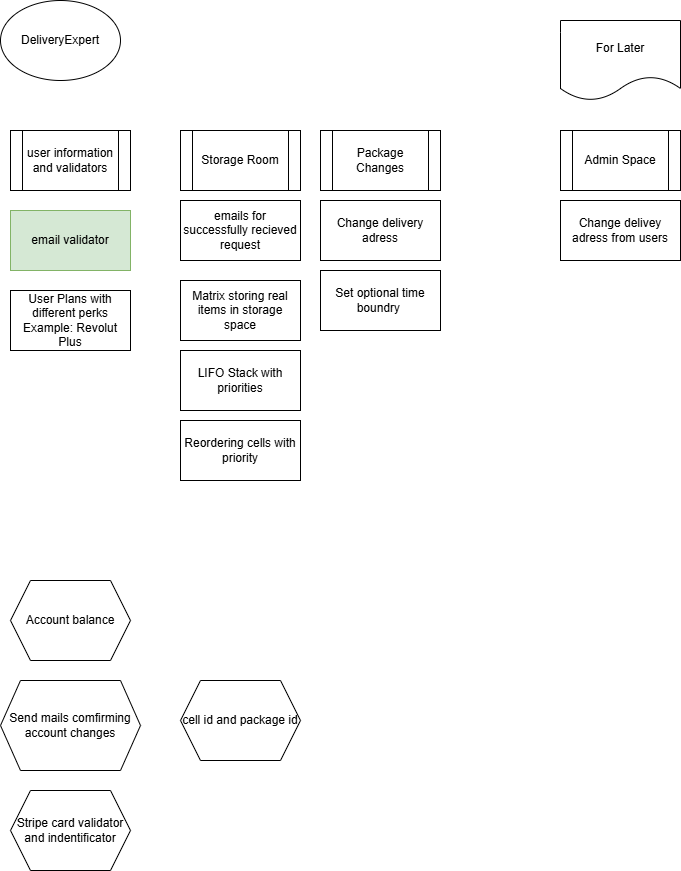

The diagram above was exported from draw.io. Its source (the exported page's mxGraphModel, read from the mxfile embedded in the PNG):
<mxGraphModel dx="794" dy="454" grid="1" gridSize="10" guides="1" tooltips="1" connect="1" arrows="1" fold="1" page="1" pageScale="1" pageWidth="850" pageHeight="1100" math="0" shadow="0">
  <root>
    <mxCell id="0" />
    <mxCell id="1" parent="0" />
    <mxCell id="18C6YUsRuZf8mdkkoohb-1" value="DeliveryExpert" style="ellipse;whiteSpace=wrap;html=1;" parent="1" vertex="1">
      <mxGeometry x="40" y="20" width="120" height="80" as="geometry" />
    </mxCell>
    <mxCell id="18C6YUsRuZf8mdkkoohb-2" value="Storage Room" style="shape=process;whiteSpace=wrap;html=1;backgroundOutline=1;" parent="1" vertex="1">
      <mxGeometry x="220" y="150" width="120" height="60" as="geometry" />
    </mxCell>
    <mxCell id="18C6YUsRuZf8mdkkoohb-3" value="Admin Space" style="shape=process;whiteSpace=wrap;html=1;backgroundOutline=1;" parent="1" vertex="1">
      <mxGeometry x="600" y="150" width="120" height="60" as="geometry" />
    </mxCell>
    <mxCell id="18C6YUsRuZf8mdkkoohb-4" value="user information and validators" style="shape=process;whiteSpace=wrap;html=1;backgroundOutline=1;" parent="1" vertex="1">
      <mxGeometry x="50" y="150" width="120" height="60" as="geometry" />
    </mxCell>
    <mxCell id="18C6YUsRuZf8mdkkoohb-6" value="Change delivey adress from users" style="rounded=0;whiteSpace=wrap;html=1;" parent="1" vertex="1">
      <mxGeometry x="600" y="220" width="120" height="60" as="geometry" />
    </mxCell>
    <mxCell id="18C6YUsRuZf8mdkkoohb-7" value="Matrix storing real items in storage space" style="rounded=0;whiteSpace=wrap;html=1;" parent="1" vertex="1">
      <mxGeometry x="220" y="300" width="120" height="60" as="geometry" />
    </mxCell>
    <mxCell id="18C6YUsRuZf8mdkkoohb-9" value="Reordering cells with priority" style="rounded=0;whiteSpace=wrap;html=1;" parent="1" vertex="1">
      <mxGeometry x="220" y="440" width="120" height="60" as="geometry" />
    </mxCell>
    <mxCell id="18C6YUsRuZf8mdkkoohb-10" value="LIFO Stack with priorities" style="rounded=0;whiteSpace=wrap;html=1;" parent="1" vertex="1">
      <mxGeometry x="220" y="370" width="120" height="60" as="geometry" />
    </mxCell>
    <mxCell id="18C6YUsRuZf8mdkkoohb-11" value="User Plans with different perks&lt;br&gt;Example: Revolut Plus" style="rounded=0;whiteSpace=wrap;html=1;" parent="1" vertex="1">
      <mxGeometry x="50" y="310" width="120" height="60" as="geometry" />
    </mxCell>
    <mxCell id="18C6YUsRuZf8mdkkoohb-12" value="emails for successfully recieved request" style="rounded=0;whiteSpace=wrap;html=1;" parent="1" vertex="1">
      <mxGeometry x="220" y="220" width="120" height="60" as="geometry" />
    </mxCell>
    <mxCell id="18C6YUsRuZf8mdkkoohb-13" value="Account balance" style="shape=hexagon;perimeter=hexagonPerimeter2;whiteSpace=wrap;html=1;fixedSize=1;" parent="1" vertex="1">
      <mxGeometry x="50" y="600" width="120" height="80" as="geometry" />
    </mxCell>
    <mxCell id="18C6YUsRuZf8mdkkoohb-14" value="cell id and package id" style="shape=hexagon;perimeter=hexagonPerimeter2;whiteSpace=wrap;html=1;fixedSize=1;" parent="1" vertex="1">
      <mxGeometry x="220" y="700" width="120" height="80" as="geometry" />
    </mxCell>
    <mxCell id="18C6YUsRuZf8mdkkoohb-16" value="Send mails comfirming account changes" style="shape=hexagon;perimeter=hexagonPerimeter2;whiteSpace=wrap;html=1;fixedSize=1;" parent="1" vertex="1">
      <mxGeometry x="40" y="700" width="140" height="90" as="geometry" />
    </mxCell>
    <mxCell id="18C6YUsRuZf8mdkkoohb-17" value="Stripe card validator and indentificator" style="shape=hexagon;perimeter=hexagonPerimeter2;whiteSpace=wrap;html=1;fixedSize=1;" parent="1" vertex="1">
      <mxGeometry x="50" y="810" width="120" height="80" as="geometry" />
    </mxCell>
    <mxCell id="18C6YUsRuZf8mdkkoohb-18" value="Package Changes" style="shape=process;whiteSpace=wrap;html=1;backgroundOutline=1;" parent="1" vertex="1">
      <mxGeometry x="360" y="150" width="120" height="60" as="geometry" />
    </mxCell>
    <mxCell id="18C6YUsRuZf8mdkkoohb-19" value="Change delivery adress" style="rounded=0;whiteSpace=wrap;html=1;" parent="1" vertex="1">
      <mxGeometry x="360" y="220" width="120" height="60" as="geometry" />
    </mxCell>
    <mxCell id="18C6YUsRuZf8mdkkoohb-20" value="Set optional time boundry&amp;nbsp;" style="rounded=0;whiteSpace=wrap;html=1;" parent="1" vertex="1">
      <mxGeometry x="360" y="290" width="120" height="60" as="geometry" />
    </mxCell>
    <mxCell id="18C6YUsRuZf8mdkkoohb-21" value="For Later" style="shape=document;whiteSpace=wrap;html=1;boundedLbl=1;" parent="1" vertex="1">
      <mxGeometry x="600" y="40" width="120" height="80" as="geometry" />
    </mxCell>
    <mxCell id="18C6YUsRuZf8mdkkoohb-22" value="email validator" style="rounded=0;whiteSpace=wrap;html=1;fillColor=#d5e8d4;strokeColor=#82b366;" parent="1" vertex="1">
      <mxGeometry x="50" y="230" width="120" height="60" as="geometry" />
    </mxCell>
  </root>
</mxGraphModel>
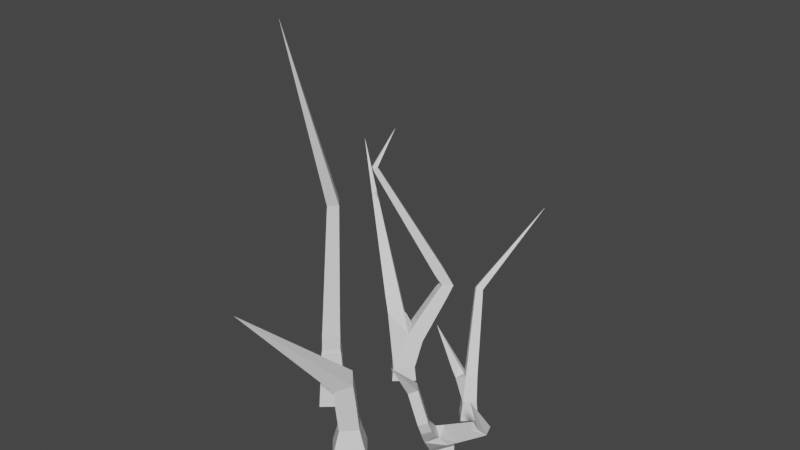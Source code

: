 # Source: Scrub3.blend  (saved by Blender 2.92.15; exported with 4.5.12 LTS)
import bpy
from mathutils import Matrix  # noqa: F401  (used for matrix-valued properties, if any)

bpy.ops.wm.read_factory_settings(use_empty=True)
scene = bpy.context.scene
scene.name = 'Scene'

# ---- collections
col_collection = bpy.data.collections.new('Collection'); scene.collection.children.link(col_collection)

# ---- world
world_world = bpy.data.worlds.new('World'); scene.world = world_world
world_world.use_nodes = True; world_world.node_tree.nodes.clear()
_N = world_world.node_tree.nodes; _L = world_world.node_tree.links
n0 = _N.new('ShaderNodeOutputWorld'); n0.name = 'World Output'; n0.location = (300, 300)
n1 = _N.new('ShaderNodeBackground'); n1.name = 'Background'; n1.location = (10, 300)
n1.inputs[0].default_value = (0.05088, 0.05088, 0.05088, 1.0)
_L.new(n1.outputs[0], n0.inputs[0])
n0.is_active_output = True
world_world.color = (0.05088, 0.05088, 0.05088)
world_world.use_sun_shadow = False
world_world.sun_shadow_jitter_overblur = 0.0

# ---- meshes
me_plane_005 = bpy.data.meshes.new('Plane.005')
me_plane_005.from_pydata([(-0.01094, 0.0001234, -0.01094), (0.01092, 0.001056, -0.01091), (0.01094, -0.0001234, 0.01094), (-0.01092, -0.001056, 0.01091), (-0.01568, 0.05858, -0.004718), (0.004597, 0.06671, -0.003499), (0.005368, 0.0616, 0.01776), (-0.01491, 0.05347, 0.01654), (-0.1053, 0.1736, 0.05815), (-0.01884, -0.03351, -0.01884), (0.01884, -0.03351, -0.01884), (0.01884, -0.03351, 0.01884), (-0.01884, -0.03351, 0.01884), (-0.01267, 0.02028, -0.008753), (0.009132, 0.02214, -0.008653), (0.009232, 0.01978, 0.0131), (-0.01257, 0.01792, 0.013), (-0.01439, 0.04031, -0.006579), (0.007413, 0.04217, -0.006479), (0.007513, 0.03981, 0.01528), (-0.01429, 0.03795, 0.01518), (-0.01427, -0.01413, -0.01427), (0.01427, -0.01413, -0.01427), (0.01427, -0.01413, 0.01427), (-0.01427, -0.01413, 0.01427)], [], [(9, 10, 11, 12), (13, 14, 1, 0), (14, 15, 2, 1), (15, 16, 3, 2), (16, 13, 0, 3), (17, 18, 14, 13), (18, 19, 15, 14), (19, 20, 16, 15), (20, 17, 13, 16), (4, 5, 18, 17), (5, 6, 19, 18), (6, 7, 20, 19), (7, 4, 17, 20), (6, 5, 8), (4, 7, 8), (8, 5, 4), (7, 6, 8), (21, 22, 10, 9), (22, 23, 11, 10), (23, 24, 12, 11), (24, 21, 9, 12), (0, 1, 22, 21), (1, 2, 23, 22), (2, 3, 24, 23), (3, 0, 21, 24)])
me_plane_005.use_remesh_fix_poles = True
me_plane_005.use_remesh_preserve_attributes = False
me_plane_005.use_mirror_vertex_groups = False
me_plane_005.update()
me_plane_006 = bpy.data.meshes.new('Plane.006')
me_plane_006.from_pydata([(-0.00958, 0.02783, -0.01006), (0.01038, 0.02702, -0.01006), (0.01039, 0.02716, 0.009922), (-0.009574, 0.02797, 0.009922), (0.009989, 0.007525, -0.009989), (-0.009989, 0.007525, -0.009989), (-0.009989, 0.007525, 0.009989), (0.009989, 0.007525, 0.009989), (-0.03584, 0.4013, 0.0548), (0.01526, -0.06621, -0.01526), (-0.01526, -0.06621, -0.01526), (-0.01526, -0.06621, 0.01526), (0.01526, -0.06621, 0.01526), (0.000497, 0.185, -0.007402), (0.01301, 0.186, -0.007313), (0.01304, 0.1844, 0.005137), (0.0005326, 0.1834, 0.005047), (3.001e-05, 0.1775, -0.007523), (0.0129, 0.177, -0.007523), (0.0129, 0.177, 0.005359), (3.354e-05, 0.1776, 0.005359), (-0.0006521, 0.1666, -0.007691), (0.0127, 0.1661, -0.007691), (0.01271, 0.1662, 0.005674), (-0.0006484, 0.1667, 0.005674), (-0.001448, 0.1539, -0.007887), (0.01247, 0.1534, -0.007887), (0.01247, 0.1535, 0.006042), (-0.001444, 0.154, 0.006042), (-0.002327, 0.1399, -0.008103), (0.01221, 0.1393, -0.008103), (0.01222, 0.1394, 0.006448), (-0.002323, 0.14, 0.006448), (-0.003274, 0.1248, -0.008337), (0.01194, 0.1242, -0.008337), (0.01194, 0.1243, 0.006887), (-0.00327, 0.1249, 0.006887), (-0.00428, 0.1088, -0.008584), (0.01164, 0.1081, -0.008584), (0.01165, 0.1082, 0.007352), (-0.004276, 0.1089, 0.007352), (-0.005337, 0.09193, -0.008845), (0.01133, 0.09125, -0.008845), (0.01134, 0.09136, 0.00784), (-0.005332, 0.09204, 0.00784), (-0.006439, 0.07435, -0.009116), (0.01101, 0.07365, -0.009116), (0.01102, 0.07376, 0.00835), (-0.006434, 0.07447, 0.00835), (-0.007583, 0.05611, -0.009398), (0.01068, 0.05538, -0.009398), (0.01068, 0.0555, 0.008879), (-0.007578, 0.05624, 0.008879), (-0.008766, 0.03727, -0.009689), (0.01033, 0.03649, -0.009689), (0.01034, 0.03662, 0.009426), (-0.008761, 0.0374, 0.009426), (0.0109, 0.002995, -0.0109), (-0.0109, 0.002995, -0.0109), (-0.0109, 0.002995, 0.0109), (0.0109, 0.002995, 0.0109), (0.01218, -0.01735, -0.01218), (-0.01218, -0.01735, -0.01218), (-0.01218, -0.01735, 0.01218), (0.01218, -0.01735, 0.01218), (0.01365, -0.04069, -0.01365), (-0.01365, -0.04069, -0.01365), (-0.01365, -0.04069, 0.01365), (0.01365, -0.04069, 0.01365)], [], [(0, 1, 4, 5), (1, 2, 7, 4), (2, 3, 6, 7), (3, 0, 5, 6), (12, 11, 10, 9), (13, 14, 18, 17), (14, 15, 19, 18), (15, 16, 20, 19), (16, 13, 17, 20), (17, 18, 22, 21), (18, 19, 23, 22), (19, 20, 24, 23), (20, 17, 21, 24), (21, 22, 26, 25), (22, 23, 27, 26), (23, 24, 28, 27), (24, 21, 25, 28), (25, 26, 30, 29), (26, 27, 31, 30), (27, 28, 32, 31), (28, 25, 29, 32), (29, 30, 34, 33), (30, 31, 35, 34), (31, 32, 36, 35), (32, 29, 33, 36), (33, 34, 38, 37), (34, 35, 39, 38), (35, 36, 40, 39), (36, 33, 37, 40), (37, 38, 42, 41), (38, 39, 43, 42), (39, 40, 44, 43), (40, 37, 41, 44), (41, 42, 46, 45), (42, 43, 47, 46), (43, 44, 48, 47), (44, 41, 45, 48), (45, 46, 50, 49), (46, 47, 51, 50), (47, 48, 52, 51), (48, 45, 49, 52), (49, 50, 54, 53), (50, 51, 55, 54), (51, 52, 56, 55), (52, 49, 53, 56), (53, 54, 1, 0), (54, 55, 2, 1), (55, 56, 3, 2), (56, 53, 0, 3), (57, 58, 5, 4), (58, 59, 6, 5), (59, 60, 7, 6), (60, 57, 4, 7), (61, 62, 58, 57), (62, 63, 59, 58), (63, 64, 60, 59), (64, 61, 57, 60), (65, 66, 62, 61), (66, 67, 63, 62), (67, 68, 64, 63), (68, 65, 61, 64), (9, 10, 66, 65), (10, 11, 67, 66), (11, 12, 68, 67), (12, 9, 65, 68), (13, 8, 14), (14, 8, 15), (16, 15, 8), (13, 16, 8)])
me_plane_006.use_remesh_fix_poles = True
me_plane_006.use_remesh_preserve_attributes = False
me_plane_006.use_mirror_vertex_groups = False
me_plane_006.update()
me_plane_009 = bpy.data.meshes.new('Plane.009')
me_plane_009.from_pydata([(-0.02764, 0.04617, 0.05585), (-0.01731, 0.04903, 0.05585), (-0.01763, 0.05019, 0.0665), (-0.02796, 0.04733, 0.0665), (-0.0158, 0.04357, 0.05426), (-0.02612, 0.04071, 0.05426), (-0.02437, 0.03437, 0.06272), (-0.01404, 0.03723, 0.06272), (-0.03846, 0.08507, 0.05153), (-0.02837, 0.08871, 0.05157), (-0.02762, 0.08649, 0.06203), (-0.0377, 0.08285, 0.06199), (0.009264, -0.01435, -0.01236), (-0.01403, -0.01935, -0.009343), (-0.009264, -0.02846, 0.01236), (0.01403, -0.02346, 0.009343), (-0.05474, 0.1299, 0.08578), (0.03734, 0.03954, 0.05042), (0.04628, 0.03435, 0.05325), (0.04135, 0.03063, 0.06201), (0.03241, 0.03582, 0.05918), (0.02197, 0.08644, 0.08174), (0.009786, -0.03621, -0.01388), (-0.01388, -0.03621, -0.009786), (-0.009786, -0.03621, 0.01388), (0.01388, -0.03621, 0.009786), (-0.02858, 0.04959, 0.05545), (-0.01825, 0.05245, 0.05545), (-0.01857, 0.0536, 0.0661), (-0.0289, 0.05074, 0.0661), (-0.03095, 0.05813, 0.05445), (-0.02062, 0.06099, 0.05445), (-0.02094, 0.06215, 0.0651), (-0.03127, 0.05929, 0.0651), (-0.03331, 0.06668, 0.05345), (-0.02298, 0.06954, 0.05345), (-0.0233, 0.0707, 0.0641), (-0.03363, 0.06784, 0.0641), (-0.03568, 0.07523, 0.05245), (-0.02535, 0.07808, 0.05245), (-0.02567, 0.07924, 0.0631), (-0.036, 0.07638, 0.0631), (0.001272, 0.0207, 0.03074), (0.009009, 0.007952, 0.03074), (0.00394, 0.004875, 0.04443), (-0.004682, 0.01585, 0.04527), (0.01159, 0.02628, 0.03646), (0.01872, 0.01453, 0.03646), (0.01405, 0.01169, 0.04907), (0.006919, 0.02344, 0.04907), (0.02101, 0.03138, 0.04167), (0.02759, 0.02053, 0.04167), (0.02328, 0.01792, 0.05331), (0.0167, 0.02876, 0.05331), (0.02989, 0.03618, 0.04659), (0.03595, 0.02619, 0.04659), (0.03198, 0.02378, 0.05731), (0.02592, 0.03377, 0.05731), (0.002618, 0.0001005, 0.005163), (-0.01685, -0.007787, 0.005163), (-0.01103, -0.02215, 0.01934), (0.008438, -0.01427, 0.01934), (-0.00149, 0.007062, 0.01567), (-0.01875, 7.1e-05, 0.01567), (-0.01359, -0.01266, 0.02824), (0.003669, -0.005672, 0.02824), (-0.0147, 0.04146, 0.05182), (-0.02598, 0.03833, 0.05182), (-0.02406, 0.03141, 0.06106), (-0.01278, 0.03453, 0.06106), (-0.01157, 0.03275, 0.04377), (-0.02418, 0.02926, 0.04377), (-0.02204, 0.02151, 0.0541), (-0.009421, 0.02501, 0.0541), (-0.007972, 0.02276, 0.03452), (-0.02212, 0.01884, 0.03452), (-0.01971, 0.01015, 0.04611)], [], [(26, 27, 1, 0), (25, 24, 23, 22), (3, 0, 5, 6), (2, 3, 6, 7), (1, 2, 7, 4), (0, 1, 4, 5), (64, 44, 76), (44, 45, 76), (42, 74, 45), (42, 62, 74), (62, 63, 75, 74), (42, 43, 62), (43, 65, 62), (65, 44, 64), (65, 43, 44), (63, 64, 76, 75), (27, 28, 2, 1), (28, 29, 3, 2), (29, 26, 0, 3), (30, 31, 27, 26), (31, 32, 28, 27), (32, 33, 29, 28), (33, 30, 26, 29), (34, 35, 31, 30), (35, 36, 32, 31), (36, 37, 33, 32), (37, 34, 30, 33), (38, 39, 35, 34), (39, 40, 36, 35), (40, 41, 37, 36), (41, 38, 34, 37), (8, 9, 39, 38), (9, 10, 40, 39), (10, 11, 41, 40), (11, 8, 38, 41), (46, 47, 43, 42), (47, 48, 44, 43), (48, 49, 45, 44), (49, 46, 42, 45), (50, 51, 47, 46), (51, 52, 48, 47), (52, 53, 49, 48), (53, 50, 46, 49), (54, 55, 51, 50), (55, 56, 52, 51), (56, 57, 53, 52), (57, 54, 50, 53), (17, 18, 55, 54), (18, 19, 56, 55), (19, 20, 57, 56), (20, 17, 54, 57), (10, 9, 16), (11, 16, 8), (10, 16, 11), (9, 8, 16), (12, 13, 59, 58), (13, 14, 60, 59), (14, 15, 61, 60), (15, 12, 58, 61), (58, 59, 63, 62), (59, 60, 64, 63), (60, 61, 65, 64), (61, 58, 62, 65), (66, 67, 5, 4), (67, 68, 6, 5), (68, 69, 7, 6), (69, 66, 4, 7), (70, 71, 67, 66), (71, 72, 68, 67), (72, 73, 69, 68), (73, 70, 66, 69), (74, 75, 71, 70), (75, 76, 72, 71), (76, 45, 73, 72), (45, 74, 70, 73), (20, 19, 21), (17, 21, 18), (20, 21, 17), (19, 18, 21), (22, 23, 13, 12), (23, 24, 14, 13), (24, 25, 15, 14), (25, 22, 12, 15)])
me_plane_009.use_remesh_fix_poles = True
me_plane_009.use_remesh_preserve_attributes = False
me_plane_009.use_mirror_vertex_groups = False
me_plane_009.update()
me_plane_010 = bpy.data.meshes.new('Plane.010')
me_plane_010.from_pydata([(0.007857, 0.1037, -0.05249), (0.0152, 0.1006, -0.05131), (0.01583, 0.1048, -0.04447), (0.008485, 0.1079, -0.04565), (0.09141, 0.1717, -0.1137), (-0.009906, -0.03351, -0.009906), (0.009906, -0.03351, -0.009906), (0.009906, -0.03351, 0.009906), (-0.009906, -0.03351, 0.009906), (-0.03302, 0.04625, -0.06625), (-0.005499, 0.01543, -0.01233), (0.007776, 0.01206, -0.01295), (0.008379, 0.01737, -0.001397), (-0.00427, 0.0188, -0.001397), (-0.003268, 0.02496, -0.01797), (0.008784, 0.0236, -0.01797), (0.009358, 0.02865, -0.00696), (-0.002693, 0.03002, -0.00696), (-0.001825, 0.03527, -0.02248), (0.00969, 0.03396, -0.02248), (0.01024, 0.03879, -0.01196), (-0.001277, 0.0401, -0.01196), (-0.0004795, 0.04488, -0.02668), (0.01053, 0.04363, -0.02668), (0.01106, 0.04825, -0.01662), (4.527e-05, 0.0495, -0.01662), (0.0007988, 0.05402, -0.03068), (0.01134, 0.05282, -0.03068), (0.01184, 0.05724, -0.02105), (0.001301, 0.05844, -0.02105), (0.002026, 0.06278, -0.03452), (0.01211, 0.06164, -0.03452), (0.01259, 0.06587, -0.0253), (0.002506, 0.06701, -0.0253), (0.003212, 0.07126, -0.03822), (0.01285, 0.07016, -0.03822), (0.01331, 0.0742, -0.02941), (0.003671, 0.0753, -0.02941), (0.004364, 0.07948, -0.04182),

**WORK TO BE COMPLETED**
Output the material above exactly, but only from the line that carries "me_plane_005.use_remesh_fix_poles = True" through the line that carries "me_plane_006 = bpy.data.meshes.new('Plane.006')".

**TASK ANSWER**
me_plane_005.use_remesh_fix_poles = True
me_plane_005.use_remesh_preserve_attributes = False
me_plane_005.use_mirror_vertex_groups = False
me_plane_005.update()
me_plane_006 = bpy.data.meshes.new('Plane.006')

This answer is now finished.